My list wouldn’t be complete without my annual nod to noted lesbian author Emma Donoghue. Her novel “Frog Music,” a big story of murder and lust set in 1870s San Francisco is a 2014 (or anytime!) must-read. It’s a gauzy tale — in fact, it seems at times like a dream, as though the main character, Blanche Beunon has imagined the whole friendship she had with Jenny Bonnet and the reason for Jenny’s death. Bonus: it’s based loosely on a true event.

I almost guarantee that you won’t see “The Last Time I Died” by Joe Nelms on any other “best of” list. It’s here because it was one of those books that just struck me: Christian Franco, a loser in life and love, learns that he can re-visit his childhood by being brought back from the edge of death. Early trauma left him with holes in his memory. Reviving gave him answers. But he had to die again and again and you won’t be able to put this book down until you know what happens.

They say we all have a doppelganger, and “Recognition” by O.H. Bennett is based on that idea: on a rainy night, as a young widow heads home to pick up her son, she sees a beggar who is her late husband’s double. Many years ago, he went missing and was presumed drowned — but did he? You’ll wonder, too.

I loved “Charity and Sylvia: A Same-Sex Marriage in Early America” by Rachel Hope Cleves, not just for the story of two lives ahead of their time, but for the way Cleves sets the stage for the tale. We get a good sense of what life was like in the late 1700s and early 1800s, not just for lesbians but for every person brave enough to try to settle a new country, and that’s every bit as interesting as the story of two women who did something that early Americans didn’t think was even possible.

And then there are my non-fiction favorites:

“The Baby Boom” by P.J. O’Rourke will bring back memories for anyone born between 1947 and 1964. O’Rourke recalls the usual things that Boomers will remember — playing outside til dark, getting that first color TV — but the real appeal comes when he finds something you’ve long-forgotten, and he expounds upon it. This book is like time-traveling to your childhood.

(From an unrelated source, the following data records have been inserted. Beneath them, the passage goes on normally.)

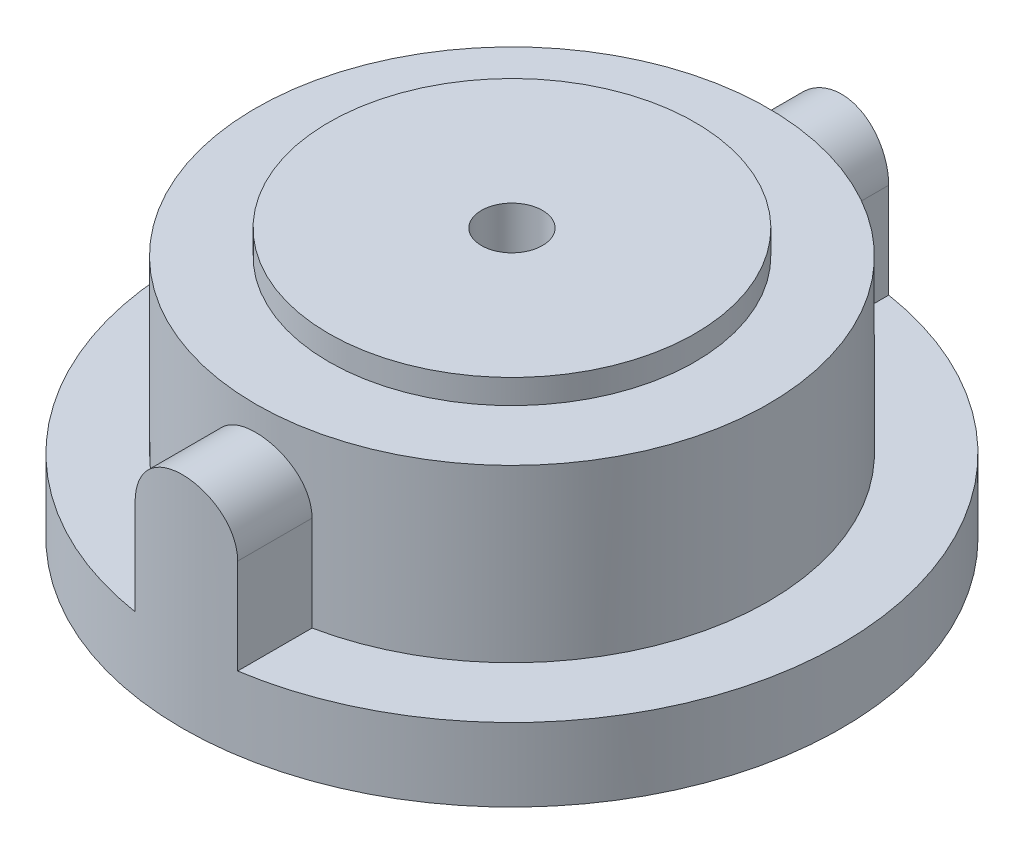
ISO-10303-21;
HEADER;
FILE_DESCRIPTION(('STEP AP214'),'2;1');
FILE_NAME('part.step','',(''),(''),'','','');
FILE_SCHEMA(('AUTOMOTIVE_DESIGN { 1 0 10303 214 1 1 1 1 }'));
ENDSEC;
DATA;
#1=APPLICATION_CONTEXT('core data for automotive mechanical design processes');
#2=APPLICATION_PROTOCOL_DEFINITION('international standard','automotive_design',2000,#1);
#3=PRODUCT_CONTEXT('',#1,'mechanical');
#4=PRODUCT('Part','Part','',(#3));
#5=PRODUCT_RELATED_PRODUCT_CATEGORY('part','',(#4));
#6=PRODUCT_DEFINITION_FORMATION('','',#4);
#7=PRODUCT_DEFINITION_CONTEXT('part definition',#1,'design');
#8=PRODUCT_DEFINITION('design','',#6,#7);
#9=PRODUCT_DEFINITION_SHAPE('','',#8);
#10=(LENGTH_UNIT() NAMED_UNIT(*) SI_UNIT(.MILLI.,.METRE.));
#11=(NAMED_UNIT(*) PLANE_ANGLE_UNIT() SI_UNIT($,.RADIAN.));
#12=(NAMED_UNIT(*) SI_UNIT($,.STERADIAN.) SOLID_ANGLE_UNIT());
#13=UNCERTAINTY_MEASURE_WITH_UNIT(LENGTH_MEASURE(1.E-05),#10,'distance_accuracy_value','');
#14=(GEOMETRIC_REPRESENTATION_CONTEXT(3) GLOBAL_UNCERTAINTY_ASSIGNED_CONTEXT((#13)) GLOBAL_UNIT_ASSIGNED_CONTEXT((#10,
#11,#12)) REPRESENTATION_CONTEXT('',''));
#15=CARTESIAN_POINT('',(0.,0.,0.));
#16=DIRECTION('',(0.,0.,1.));
#17=DIRECTION('',(1.,0.,0.));
#18=AXIS2_PLACEMENT_3D('',#15,#16,#17);
#19=CARTESIAN_POINT('',(0.,10.,0.));
#20=DIRECTION('',(0.,1.,0.));
#21=DIRECTION('',(0.,0.,1.));
#22=AXIS2_PLACEMENT_3D('',#19,#20,#21);
#23=PLANE('',#22);
#24=CARTESIAN_POINT('',(0.,10.,0.));
#25=DIRECTION('',(0.,1.,0.));
#26=DIRECTION('',(0.,0.,1.));
#27=AXIS2_PLACEMENT_3D('',#24,#25,#26);
#28=CIRCLE('',#27,10.5);
#29=CARTESIAN_POINT('',(0.,10.,10.5));
#30=VERTEX_POINT('',#29);
#31=EDGE_CURVE('E135',#30,#30,#28,.T.);
#32=ORIENTED_EDGE('',*,*,#31,.T.);
#33=EDGE_LOOP('',(#32));
#34=FACE_BOUND('',#33,.T.);
#35=CARTESIAN_POINT('',(0.,10.,0.));
#36=DIRECTION('',(0.,1.,0.));
#37=DIRECTION('',(0.,0.,1.));
#38=AXIS2_PLACEMENT_3D('',#35,#36,#37);
#39=CIRCLE('',#38,7.5);
#40=CARTESIAN_POINT('',(0.,10.,7.5));
#41=VERTEX_POINT('',#40);
#42=EDGE_CURVE('E235',#41,#41,#39,.T.);
#43=ORIENTED_EDGE('',*,*,#42,.F.);
#44=EDGE_LOOP('',(#43));
#45=FACE_BOUND('',#44,.T.);
#46=ADVANCED_FACE('F38',(#34,#45),#23,.T.);
#47=CARTESIAN_POINT('',(0.,3.,0.));
#48=DIRECTION('',(0.,1.,0.));
#49=DIRECTION('',(0.,0.,1.));
#50=AXIS2_PLACEMENT_3D('',#47,#48,#49);
#51=PLANE('',#50);
#52=CARTESIAN_POINT('',(0.,3.,0.));
#53=DIRECTION('',(0.,1.,0.));
#54=DIRECTION('',(0.,0.,1.));
#55=AXIS2_PLACEMENT_3D('',#52,#53,#54);
#56=CIRCLE('',#55,13.5);
#57=CARTESIAN_POINT('',(-2.1,3.,-13.3356664625357));
#58=VERTEX_POINT('',#57);
#59=CARTESIAN_POINT('',(-2.1,3.,13.3356664625357));
#60=VERTEX_POINT('',#59);
#61=EDGE_CURVE('E12',#58,#60,#56,.T.);
#62=ORIENTED_EDGE('',*,*,#61,.T.);
#63=DIRECTION('',(0.,0.,1.));
#64=VECTOR('',#63,1.);
#65=CARTESIAN_POINT('',(-2.1,3.,0.));
#66=LINE('',#65,#64);
#67=CARTESIAN_POINT('',(-2.1,3.,10.2878569196893));
#68=VERTEX_POINT('',#67);
#69=EDGE_CURVE('E148',#68,#60,#66,.T.);
#70=ORIENTED_EDGE('',*,*,#69,.F.);
#71=CARTESIAN_POINT('',(0.,3.,0.));
#72=DIRECTION('',(0.,1.,0.));
#73=DIRECTION('',(0.,0.,1.));
#74=AXIS2_PLACEMENT_3D('',#71,#72,#73);
#75=CIRCLE('',#74,10.5);
#76=CARTESIAN_POINT('',(-2.1,3.,-10.2878569196893));
#77=VERTEX_POINT('',#76);
#78=EDGE_CURVE('E130',#77,#68,#75,.T.);
#79=ORIENTED_EDGE('',*,*,#78,.F.);
#80=DIRECTION('',(0.,0.,1.));
#81=VECTOR('',#80,1.);
#82=CARTESIAN_POINT('',(-2.1,3.,0.));
#83=LINE('',#82,#81);
#84=EDGE_CURVE('E146',#58,#77,#83,.T.);
#85=ORIENTED_EDGE('',*,*,#84,.F.);
#86=EDGE_LOOP('',(#62,#70,#79,#85));
#87=FACE_BOUND('',#86,.T.);
#88=ADVANCED_FACE('F145',(#87),#51,.T.);
#89=DIRECTION('',(0.,0.,1.));
#90=VECTOR('',#89,1.);
#91=CARTESIAN_POINT('',(2.1,3.,0.));
#92=LINE('',#91,#90);
#93=CARTESIAN_POINT('',(2.1,3.,10.2878569196893));
#94=VERTEX_POINT('',#93);
#95=CARTESIAN_POINT('',(2.1,3.,13.3356664625357));
#96=VERTEX_POINT('',#95);
#97=EDGE_CURVE('E152',#94,#96,#92,.T.);
#98=ORIENTED_EDGE('',*,*,#97,.T.);
#99=CARTESIAN_POINT('',(2.1,3.,-13.3356664625357));
#100=VERTEX_POINT('',#99);
#101=EDGE_CURVE('E48',#96,#100,#56,.T.);
#102=ORIENTED_EDGE('',*,*,#101,.T.);
#103=DIRECTION('',(0.,0.,1.));
#104=VECTOR('',#103,1.);
#105=CARTESIAN_POINT('',(2.1,3.,0.));
#106=LINE('',#105,#104);
#107=CARTESIAN_POINT('',(2.1,3.,-10.2878569196893));
#108=VERTEX_POINT('',#107);
#109=EDGE_CURVE('E127',#100,#108,#106,.T.);
#110=ORIENTED_EDGE('',*,*,#109,.T.);
#111=EDGE_CURVE('E128',#94,#108,#75,.T.);
#112=ORIENTED_EDGE('',*,*,#111,.F.);
#113=EDGE_LOOP('',(#98,#102,#110,#112));
#114=FACE_BOUND('',#113,.T.);
#115=ADVANCED_FACE('F215',(#114),#51,.T.);
#116=CARTESIAN_POINT('',(0.,3.,0.));
#117=DIRECTION('',(0.,-1.,0.));
#118=DIRECTION('',(0.,0.,-1.));
#119=AXIS2_PLACEMENT_3D('',#116,#117,#118);
#120=CYLINDRICAL_SURFACE('',#119,13.5);
#121=DIRECTION('',(0.,-1.,0.));
#122=VECTOR('',#121,1.);
#123=CARTESIAN_POINT('',(-2.1,9.,-13.3356664625357));
#124=LINE('',#123,#122);
#125=CARTESIAN_POINT('',(-2.1,6.9,-13.3356664625357));
#126=VERTEX_POINT('',#125);
#127=EDGE_CURVE('E116',#126,#58,#124,.T.);
#128=ORIENTED_EDGE('',*,*,#127,.F.);
#129=CARTESIAN_POINT('',(-2.1,6.9,-13.3356664625357));
#130=CARTESIAN_POINT('',(-2.10000003362047,6.95870064975644,-13.3356641924813));
#131=CARTESIAN_POINT('',(-2.09753718442339,7.01737282326694,-13.3360545372154));
#132=CARTESIAN_POINT('',(-2.08771466942251,7.13429025313571,-13.3375966363139));
#133=CARTESIAN_POINT('',(-2.08035546026241,7.1925355487933,-13.3387483196744));
#134=CARTESIAN_POINT('',(-2.05101691857918,7.36585110547564,-13.3433034163251));
#135=CARTESIAN_POINT('',(-2.02177638968423,7.47974922625254,-13.3478070717655));
#136=CARTESIAN_POINT('',(-1.94479542652673,7.7009419188319,-13.3592389651343));
#137=CARTESIAN_POINT('',(-1.89705034064441,7.80823482236972,-13.3661678126576));
#138=CARTESIAN_POINT('',(-1.78444149214663,8.01330367226304,-13.3816660788076));
#139=CARTESIAN_POINT('',(-1.71957796427913,8.11107974909915,-13.3902354749366));
#140=CARTESIAN_POINT('',(-1.57398954621819,8.29514623524382,-13.4081303916358));
#141=CARTESIAN_POINT('',(-1.49314804578038,8.38134387123822,-13.4174611558056));
#142=CARTESIAN_POINT('',(-1.31814041919038,8.53901783325354,-13.4357817984866));
#143=CARTESIAN_POINT('',(-1.22397225856053,8.61049190744401,-13.4447716246833));
#144=CARTESIAN_POINT('',(-1.02438784875639,8.73702513755457,-13.4614521336257));
#145=CARTESIAN_POINT('',(-0.918916079951185,8.79199771152558,-13.4691358752226));
#146=CARTESIAN_POINT('',(-0.700102697374807,8.88340913153472,-13.4822792677039));
#147=CARTESIAN_POINT('',(-0.586761984493241,8.91985009523253,-13.4877391726982));
#148=CARTESIAN_POINT('',(-0.356389997957338,8.9728831296207,-13.4957829343775));
#149=CARTESIAN_POINT('',(-0.239395748450929,8.98963251894735,-13.4983895744565));
#150=CARTESIAN_POINT('',(-0.00422748842160446,9.00329577981471,-13.5005112868534));
#151=CARTESIAN_POINT('',(0.113946479814668,9.00021035979705,-13.5000264695892));
#152=CARTESIAN_POINT('',(0.347039414846936,8.97441453493813,-13.496037927127));
#153=CARTESIAN_POINT('',(0.461977684054823,8.95187393390199,-13.4925603235789));
#154=CARTESIAN_POINT('',(0.686419639987496,8.88807452940592,-13.4830060947168));
#155=CARTESIAN_POINT('',(0.795923211468582,8.84681532920286,-13.4769294143153));
#156=CARTESIAN_POINT('',(1.00690104171795,8.7465769447084,-13.4628149236582));
#157=CARTESIAN_POINT('',(1.10834086949709,8.68752644481789,-13.4547692456007));
#158=CARTESIAN_POINT('',(1.29993185871036,8.5534359883775,-13.4376129931583));
#159=CARTESIAN_POINT('',(1.3900826581905,8.47839551935821,-13.4285023846472));
#160=CARTESIAN_POINT('',(1.55753154571329,8.31352226052372,-13.4101185109453));
#161=CARTESIAN_POINT('',(1.63468545403143,8.22354306385022,-13.4008445409391));
#162=CARTESIAN_POINT('',(1.77284400077424,8.03180681211434,-13.3832690905538));
#163=CARTESIAN_POINT('',(1.8338439837955,7.93004637392989,-13.3749678909009));
#164=CARTESIAN_POINT('',(1.93798537767085,7.71746636610599,-13.3602766994743));
#165=CARTESIAN_POINT('',(1.98110065772168,7.60663382238528,-13.3538895079535));
#166=CARTESIAN_POINT('',(2.04800168154079,7.37925590665674,-13.3437945541188));
#167=CARTESIAN_POINT('',(2.07181637565083,7.26271936996768,-13.3400827796824));
#168=CARTESIAN_POINT('',(2.09043068831553,7.10442533170969,-13.3371702629415));
#169=CARTESIAN_POINT('',(2.09402074286844,7.0635885683473,-13.3366068099894));
#170=CARTESIAN_POINT('',(2.09880224708332,6.98184043580226,-13.3358553072576));
#171=CARTESIAN_POINT('',(2.09999772978293,6.94092930841583,-13.3356666262758));
#172=CARTESIAN_POINT('',(2.1,6.9,-13.3356664625357));
#173=B_SPLINE_CURVE_WITH_KNOTS('',3,(#129,#130,#131,#132,#133,#134,#135,#136,#137,#138,#139,
#140,#141,#142,#143,#144,#145,#146,#147,#148,#149,#150,#151,#152,#153,#154,#155,#156,#157,#158,
#159,#160,#161,#162,#163,#164,#165,#166,#167,#168,#169,#170,#171,#172),.UNSPECIFIED.,.F.,.F.,(4,
2,2,2,2,2,2,2,2,2,2,2,2,2,2,2,2,2,2,2,2,4),(0.,0.175992648583785,0.351968886063719,
0.703186358986229,1.05449217722208,1.40579317819486,1.75975958958644,2.11378009668888,
2.46962689410512,2.8254330187558,3.17837681566582,3.53130800652138,3.88118962777616,
4.23107866516356,4.58238930994889,4.93371121573431,5.28870501228497,5.64380100351718,
5.99941400282056,6.35449260012318,6.47743357075108,6.60016730437931),.UNSPECIFIED.);
#174=CARTESIAN_POINT('',(2.1,6.9,-13.3356664625357));
#175=VERTEX_POINT('',#174);
#176=EDGE_CURVE('E108',#126,#175,#173,.T.);
#177=ORIENTED_EDGE('',*,*,#176,.T.);
#178=DIRECTION('',(0.,-1.,0.));
#179=VECTOR('',#178,1.);
#180=CARTESIAN_POINT('',(2.1,9.,-13.3356664625357));
#181=LINE('',#180,#179);
#182=EDGE_CURVE('E113',#175,#100,#181,.T.);
#183=ORIENTED_EDGE('',*,*,#182,.T.);
#184=ORIENTED_EDGE('',*,*,#101,.F.);
#185=DIRECTION('',(0.,-1.,0.));
#186=VECTOR('',#185,1.);
#187=CARTESIAN_POINT('',(2.1,9.,13.3356664625357));
#188=LINE('',#187,#186);
#189=CARTESIAN_POINT('',(2.1,6.9,13.3356664625357));
#190=VERTEX_POINT('',#189);
#191=EDGE_CURVE('E151',#190,#96,#188,.T.);
#192=ORIENTED_EDGE('',*,*,#191,.F.);
#193=CARTESIAN_POINT('',(2.1,6.9,13.3356664625357));
#194=CARTESIAN_POINT('',(2.10000003362047,6.95870064975644,13.3356641924813));
#195=CARTESIAN_POINT('',(2.09753718442339,7.01737282326694,13.3360545372154));
#196=CARTESIAN_POINT('',(2.08771466942252,7.13429025313571,13.3375966363139));
#197=CARTESIAN_POINT('',(2.08035546026242,7.1925355487933,13.3387483196744));
#198=CARTESIAN_POINT('',(2.05101691857918,7.36585110547564,13.3433034163251));
#199=CARTESIAN_POINT('',(2.02177638968423,7.47974922625254,13.3478070717655));
#200=CARTESIAN_POINT('',(1.94479542652673,7.7009419188319,13.3592389651343));
#201=CARTESIAN_POINT('',(1.89705034064441,7.80823482236972,13.3661678126576));
#202=CARTESIAN_POINT('',(1.78444149214663,8.01330367226304,13.3816660788076));
#203=CARTESIAN_POINT('',(1.71957796427913,8.11107974909915,13.3902354749366));
#204=CARTESIAN_POINT('',(1.57398954621819,8.29514623524382,13.4081303916358));
#205=CARTESIAN_POINT('',(1.49314804578038,8.38134387123821,13.4174611558056));
#206=CARTESIAN_POINT('',(1.31814041919039,8.53901783325354,13.4357817984866));
#207=CARTESIAN_POINT('',(1.22397225856054,8.61049190744401,13.4447716246833));
#208=CARTESIAN_POINT('',(1.0243878487564,8.73702513755457,13.4614521336257));
#209=CARTESIAN_POINT('',(0.918916079951187,8.79199771152558,13.4691358752226));
#210=CARTESIAN_POINT('',(0.700102697374809,8.88340913153472,13.4822792677039));
#211=CARTESIAN_POINT('',(0.586761984493243,8.91985009523253,13.4877391726982));
#212=CARTESIAN_POINT('',(0.35638999795734,8.9728831296207,13.4957829343775));
#213=CARTESIAN_POINT('',(0.239395748450931,8.98963251894735,13.4983895744565));
#214=CARTESIAN_POINT('',(0.00422748842160757,9.00329577981471,13.5005112868534));
#215=CARTESIAN_POINT('',(-0.113946479814665,9.00021035979705,13.5000264695892));
#216=CARTESIAN_POINT('',(-0.347039414846933,8.97441453493813,13.496037927127));
#217=CARTESIAN_POINT('',(-0.461977684054821,8.95187393390199,13.4925603235789));
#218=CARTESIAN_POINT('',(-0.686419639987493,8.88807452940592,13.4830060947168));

This seemed to be the year of self-help books and I can’t come up with a better self-help book than “This is a Book for Parents of Gay Kids” by Dannielle Owens-Reid and Kristin Russo, the title of which is delightfully self-explanatory (therefore, easy to remember when you’re in the bookstore). Using a good amount of common-sense and soothing talk, this book has a lot of answers for parents and their kids. And since it sprung from a popular website, you can find more online when you’re done reading.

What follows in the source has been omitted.